He had photographs of his parents on the table by his bed. His mother looked beautiful in a high-cheekboned way. His father was tall and thin, bent slightly. Andreas polished the frames, laughing at his reverence. He slung his legs out of the bed and offered to bring her coffee.

‘My mother’, he said, when he came back with a tray, ‘always told me I should learn how to wait on women. She says it is an important skill, perhaps the most important.’

‘It is a skill,’ said Rosa. ‘Knowing when to serve and when to command.’

‘I can do either,’ he said. Their repartee was a little forced. But his eyes shone when she kissed him. He listened well, laughed in the right places, generously plied her with questions. Still, the balance between them kept slipping. Within a few days, he was offering her advice.

‘You need to get a sense of what you want to do,’ he kept saying. ‘You have to do something. We all, we all have to do something. I feel I can help, at least with this.’

‘I just need to get back into the Polis,’ she said.

‘The Polis,’ he said. He sounded tired. They were wrapped in sheets. Theirs was a bed-bound romance. It did best at night. But now it was early morning, and they were both hung-over.

‘It’s hard to get back in,’ she said. ‘Once you fall out.’

He stayed silent, looking at her. Then he rolled over and folded his arms around her. She was pressed into his wide chest. He seemed to be smiling. He kissed the back of her neck.

I just wonder what it means, she wanted to say. Us, here, in this tentative version of romance, and before, Liam and I. These entanglements. All of us with our bare bones of knowledge. Not knowing what we are. The birth of tragedy. This smallness I feel deep inside myself. The Birth of Smallness.

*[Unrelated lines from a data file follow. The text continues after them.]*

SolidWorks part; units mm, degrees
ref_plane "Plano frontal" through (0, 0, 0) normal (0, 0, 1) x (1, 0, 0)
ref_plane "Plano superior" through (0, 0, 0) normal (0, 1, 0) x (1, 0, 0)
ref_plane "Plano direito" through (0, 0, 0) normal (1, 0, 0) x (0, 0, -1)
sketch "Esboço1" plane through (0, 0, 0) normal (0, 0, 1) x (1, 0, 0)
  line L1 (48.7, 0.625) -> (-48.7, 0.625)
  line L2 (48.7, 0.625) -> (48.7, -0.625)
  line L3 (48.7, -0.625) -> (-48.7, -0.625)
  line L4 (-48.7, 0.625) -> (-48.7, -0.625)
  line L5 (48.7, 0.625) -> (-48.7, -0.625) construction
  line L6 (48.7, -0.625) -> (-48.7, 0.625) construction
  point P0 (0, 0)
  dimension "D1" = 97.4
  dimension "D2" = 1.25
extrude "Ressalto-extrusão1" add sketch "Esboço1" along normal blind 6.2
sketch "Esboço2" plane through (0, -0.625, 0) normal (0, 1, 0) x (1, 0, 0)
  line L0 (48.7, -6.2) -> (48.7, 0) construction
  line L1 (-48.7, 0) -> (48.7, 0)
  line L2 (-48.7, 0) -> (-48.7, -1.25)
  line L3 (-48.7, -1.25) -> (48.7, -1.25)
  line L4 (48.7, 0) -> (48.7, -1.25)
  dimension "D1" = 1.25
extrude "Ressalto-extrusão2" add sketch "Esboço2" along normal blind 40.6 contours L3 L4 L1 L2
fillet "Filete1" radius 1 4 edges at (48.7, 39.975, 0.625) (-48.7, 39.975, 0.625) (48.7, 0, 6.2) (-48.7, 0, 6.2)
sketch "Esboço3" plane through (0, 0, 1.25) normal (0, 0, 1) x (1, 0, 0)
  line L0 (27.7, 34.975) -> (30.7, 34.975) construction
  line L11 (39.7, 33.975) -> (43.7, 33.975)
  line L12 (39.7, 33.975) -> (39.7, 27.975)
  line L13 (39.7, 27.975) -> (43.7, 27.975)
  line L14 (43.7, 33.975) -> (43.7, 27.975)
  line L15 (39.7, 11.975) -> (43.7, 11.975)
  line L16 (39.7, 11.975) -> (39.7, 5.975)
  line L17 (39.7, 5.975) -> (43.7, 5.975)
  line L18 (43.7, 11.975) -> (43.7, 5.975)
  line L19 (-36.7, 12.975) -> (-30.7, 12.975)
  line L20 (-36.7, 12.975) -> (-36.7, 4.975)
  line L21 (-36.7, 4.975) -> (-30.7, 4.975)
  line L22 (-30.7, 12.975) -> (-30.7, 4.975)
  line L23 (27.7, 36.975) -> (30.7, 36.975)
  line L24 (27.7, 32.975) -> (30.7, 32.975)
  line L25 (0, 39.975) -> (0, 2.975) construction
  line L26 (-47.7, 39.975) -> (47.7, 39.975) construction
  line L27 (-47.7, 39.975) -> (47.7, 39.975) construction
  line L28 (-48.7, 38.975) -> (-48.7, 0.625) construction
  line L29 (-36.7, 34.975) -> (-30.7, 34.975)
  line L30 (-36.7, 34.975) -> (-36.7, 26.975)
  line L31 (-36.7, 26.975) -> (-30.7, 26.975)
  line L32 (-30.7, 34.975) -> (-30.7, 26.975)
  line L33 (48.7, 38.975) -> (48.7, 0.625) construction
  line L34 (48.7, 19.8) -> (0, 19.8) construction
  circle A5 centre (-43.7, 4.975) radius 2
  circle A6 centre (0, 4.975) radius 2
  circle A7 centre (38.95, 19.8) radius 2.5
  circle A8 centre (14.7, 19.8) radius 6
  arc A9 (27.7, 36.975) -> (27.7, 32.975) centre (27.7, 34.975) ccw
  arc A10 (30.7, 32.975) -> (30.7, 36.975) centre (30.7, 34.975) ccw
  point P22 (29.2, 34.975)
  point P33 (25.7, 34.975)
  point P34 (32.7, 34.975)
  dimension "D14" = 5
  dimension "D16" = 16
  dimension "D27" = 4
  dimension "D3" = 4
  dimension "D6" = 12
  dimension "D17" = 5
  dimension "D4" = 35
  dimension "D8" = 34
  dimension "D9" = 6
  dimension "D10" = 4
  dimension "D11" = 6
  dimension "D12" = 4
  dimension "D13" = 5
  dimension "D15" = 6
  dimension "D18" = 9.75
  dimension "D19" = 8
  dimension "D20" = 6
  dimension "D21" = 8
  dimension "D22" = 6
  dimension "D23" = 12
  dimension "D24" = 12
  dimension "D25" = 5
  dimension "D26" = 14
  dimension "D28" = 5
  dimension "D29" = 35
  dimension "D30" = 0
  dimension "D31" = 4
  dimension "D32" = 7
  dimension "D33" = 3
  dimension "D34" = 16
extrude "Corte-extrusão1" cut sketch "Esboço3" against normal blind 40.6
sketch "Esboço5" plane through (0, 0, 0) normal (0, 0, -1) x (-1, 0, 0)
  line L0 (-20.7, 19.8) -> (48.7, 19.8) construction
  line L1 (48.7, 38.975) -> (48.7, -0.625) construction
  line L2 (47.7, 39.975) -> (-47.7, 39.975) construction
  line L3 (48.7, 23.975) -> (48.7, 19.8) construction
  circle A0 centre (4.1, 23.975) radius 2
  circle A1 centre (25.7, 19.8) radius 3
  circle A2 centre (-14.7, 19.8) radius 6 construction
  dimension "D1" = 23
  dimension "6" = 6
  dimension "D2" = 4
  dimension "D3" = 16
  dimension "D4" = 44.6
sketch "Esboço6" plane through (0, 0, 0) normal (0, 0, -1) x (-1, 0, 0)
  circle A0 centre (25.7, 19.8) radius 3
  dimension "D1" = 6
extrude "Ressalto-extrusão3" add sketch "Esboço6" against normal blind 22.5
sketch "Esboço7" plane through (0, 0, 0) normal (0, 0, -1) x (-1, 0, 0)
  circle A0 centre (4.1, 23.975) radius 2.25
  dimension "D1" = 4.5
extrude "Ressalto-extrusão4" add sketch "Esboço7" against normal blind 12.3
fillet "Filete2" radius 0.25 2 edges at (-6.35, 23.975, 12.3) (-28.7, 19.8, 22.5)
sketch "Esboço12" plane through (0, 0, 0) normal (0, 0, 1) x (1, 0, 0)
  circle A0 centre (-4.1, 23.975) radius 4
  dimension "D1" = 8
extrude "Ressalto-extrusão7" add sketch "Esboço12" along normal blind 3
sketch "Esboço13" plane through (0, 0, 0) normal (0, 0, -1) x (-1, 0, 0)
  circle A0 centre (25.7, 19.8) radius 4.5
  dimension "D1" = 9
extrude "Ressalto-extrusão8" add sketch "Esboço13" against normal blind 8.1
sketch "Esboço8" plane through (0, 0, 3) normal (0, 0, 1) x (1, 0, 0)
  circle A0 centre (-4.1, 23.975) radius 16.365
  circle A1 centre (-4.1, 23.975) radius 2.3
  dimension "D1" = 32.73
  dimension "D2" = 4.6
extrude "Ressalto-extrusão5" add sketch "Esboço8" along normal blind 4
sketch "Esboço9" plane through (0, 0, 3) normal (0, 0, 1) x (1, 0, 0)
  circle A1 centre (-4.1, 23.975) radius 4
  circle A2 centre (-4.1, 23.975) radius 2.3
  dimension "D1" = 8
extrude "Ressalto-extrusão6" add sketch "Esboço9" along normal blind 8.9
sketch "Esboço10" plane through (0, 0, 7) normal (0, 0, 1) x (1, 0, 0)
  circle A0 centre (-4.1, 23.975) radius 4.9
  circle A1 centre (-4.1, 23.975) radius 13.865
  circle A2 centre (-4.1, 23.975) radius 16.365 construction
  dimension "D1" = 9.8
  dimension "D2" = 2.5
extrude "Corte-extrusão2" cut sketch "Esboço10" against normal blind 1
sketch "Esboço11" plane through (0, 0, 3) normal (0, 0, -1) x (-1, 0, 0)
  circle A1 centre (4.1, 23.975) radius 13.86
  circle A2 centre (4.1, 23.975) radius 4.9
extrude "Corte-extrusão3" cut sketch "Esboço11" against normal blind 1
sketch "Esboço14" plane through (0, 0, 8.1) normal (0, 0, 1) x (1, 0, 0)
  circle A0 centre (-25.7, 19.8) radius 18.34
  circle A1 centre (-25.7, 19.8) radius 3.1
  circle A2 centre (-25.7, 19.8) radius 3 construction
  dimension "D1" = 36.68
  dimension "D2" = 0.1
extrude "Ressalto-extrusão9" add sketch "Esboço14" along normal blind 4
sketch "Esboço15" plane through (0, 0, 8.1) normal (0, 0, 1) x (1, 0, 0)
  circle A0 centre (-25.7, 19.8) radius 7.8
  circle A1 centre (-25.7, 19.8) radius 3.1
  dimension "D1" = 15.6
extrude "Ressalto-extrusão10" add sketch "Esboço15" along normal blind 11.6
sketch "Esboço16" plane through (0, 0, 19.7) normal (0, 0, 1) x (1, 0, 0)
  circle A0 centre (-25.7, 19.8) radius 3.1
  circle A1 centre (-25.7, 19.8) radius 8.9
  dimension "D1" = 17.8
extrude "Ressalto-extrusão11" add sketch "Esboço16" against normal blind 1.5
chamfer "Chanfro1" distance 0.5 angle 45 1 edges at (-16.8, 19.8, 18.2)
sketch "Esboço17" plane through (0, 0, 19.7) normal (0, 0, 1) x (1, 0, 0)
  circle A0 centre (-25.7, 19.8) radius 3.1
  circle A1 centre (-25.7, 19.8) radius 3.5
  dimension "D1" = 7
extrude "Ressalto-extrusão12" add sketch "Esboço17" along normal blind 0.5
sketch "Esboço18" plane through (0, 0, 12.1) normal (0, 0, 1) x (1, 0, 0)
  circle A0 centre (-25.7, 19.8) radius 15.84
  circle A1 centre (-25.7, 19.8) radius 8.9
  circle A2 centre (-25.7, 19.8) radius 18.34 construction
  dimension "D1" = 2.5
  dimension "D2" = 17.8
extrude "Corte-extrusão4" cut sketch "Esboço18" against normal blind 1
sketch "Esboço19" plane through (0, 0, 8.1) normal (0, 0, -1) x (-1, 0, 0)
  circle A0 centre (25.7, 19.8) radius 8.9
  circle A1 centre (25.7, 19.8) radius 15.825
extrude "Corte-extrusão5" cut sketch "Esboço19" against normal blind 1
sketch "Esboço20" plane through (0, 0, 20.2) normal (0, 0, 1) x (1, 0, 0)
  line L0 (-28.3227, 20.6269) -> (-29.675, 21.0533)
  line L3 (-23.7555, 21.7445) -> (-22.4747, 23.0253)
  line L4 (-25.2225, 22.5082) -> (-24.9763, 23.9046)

Yes, yes, after the Egyptians, the Greeks with their fetish for dying beauty, doomed greatness, comes the birth of smallness, the soaring rise of the insignificant. Here I am, thought Rosa, the living embodiment of the new age of minutiae. She understood it clearly. Gradually everything had been taken over by people like Rosa. In general, her kind were doing very well. She had been given a generous slice of the pie; it was just that she couldn’t quite eat it.

Andreas was explaining that he was naturally idle. It was only by an effort of will that he made himself do things. The key was to set yourself small goals, he said.

‘So there’s one thing we must establish — what are your small goals?’ he asked.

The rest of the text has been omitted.